A review of Huntington’s Who Are We? The Challenges to America’s National Identity

In the new Boston Review, a review of Samuel Huntington’s latest, er, musings.

The end of the Cold War left the United States without a common enemy. Its elites have become liberal multicultural cosmopolitans. ‘Overall,’ Samuel Huntington tells us, ‘American elites are not only less nationalistic but are also more liberal than the American public.’ Indeed, only 22 percent of the American public self-identifies as liberal, whereas a whopping 91 percent of leaders of public-interest groups are liberals. True, Huntington’s statistics also show that only 14 percent of American business elites and nine percent of the military elites are liberals, but let’s not split hairs: if you add them all up, “elites” are liberal.

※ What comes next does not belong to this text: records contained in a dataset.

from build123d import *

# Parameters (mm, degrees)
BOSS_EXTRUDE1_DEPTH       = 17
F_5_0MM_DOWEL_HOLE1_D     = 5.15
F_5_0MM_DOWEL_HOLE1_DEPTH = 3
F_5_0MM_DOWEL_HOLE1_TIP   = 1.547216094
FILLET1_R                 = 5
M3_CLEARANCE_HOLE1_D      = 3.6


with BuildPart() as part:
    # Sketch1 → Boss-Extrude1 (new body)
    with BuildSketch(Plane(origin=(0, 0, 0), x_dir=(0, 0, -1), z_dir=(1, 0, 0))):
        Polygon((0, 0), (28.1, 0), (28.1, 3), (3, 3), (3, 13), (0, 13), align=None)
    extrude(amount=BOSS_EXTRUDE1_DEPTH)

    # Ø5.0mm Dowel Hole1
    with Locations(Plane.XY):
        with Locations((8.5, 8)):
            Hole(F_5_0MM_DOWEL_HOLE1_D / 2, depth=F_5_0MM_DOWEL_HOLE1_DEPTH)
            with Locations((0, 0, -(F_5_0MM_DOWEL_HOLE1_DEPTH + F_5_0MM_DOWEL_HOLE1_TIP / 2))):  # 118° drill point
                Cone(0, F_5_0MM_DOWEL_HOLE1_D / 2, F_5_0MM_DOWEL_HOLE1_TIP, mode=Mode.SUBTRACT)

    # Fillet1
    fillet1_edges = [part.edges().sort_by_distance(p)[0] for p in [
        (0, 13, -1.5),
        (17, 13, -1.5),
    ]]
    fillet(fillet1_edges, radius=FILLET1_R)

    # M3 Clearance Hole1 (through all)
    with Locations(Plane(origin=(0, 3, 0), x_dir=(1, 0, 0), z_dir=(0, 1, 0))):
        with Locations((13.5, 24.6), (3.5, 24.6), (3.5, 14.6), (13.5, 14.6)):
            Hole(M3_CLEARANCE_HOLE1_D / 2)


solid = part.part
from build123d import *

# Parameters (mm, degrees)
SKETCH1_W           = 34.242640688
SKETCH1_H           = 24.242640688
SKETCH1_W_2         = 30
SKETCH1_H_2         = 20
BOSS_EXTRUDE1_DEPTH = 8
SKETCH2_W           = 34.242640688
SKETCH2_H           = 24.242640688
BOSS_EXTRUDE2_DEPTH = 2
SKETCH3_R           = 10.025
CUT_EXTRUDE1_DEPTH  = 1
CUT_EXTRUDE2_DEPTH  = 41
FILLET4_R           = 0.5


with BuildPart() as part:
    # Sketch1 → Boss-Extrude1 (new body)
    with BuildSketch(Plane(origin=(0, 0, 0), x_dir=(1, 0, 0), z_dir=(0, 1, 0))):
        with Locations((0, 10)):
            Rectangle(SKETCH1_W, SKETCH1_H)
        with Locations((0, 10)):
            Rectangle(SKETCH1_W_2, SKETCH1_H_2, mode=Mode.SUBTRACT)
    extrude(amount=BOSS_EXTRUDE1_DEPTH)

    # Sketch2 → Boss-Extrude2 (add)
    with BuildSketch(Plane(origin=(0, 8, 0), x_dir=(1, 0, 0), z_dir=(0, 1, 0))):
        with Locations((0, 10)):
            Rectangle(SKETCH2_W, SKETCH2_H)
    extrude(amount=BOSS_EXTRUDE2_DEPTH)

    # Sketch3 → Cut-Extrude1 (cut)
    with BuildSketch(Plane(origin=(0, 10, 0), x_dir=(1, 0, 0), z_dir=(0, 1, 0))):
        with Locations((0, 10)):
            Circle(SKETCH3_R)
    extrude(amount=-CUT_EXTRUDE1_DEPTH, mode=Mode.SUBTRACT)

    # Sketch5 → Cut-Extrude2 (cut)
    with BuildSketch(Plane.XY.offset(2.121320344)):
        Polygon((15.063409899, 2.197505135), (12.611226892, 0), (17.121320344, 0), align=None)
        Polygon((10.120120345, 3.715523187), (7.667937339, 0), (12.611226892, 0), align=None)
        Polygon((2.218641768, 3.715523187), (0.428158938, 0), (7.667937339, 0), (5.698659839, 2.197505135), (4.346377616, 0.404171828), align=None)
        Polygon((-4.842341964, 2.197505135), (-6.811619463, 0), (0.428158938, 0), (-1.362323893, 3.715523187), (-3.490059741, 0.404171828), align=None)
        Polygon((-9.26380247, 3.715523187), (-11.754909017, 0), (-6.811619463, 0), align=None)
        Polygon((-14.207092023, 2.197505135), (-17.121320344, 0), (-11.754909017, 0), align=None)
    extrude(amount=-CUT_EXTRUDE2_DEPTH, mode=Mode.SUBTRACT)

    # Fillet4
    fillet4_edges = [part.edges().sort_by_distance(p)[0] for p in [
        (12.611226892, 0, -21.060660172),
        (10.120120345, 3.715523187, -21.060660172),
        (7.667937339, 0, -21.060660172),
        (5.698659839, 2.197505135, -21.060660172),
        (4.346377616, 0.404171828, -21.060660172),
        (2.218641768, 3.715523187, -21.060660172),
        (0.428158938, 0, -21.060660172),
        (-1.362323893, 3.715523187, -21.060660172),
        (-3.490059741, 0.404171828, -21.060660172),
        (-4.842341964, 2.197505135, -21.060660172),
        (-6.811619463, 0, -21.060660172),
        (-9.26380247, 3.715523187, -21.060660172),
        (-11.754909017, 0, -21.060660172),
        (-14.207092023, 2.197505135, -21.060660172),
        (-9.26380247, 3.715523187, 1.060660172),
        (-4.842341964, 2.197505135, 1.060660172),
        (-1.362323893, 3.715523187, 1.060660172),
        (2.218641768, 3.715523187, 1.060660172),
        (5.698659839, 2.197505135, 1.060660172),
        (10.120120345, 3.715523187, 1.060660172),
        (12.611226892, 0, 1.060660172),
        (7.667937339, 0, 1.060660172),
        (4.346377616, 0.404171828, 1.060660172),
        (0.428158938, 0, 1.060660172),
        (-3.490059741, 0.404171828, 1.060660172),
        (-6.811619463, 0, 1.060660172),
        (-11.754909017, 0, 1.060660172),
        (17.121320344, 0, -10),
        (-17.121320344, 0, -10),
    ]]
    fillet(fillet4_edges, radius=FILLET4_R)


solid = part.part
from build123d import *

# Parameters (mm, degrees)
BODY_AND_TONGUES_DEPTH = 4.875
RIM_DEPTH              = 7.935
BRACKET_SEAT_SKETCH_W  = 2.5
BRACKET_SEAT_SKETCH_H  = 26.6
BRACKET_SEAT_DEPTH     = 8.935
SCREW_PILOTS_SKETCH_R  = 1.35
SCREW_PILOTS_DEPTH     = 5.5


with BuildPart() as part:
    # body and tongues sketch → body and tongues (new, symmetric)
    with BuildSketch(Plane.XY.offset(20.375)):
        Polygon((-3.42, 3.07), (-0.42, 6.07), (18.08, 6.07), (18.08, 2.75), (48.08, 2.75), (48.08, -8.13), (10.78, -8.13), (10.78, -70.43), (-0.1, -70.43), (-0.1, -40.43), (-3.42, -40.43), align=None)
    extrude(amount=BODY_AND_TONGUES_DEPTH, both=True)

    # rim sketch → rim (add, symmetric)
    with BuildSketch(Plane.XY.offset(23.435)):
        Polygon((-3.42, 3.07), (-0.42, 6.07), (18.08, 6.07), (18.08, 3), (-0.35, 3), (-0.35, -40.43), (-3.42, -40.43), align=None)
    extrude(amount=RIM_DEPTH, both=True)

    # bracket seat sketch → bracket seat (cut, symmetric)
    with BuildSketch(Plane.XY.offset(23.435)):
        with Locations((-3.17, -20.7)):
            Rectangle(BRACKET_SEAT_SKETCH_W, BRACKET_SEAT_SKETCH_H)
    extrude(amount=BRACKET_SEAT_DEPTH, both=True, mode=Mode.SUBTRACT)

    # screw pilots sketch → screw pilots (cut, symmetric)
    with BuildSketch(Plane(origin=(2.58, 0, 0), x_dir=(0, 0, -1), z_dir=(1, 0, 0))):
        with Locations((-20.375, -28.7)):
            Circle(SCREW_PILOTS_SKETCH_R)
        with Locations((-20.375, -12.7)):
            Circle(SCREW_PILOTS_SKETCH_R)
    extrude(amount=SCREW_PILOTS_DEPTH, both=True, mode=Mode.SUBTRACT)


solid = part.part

And there is an even more urgent cause for alarm, a more pressing challenge to America’s national identity: the current ‘Hispanic’ invasion.

. . .

This is because Mexican immigration is different from any other: it is more persistent, more regionally concentrated, less committed to education and more attached to its native culture and values. The net effect of these factors is disturbing: ‘In the late twentieth century, developments occurred that, if continued, could change America into a cultural bifurcated Anglo-Hispanic society with two national languages.’

Liberal elitists like Bill Clinton may ask you to believe that the United States cannot break apart into two cultures, that it is and always was a nation of immigrants, a mosaic of cultures. It is no such thing.”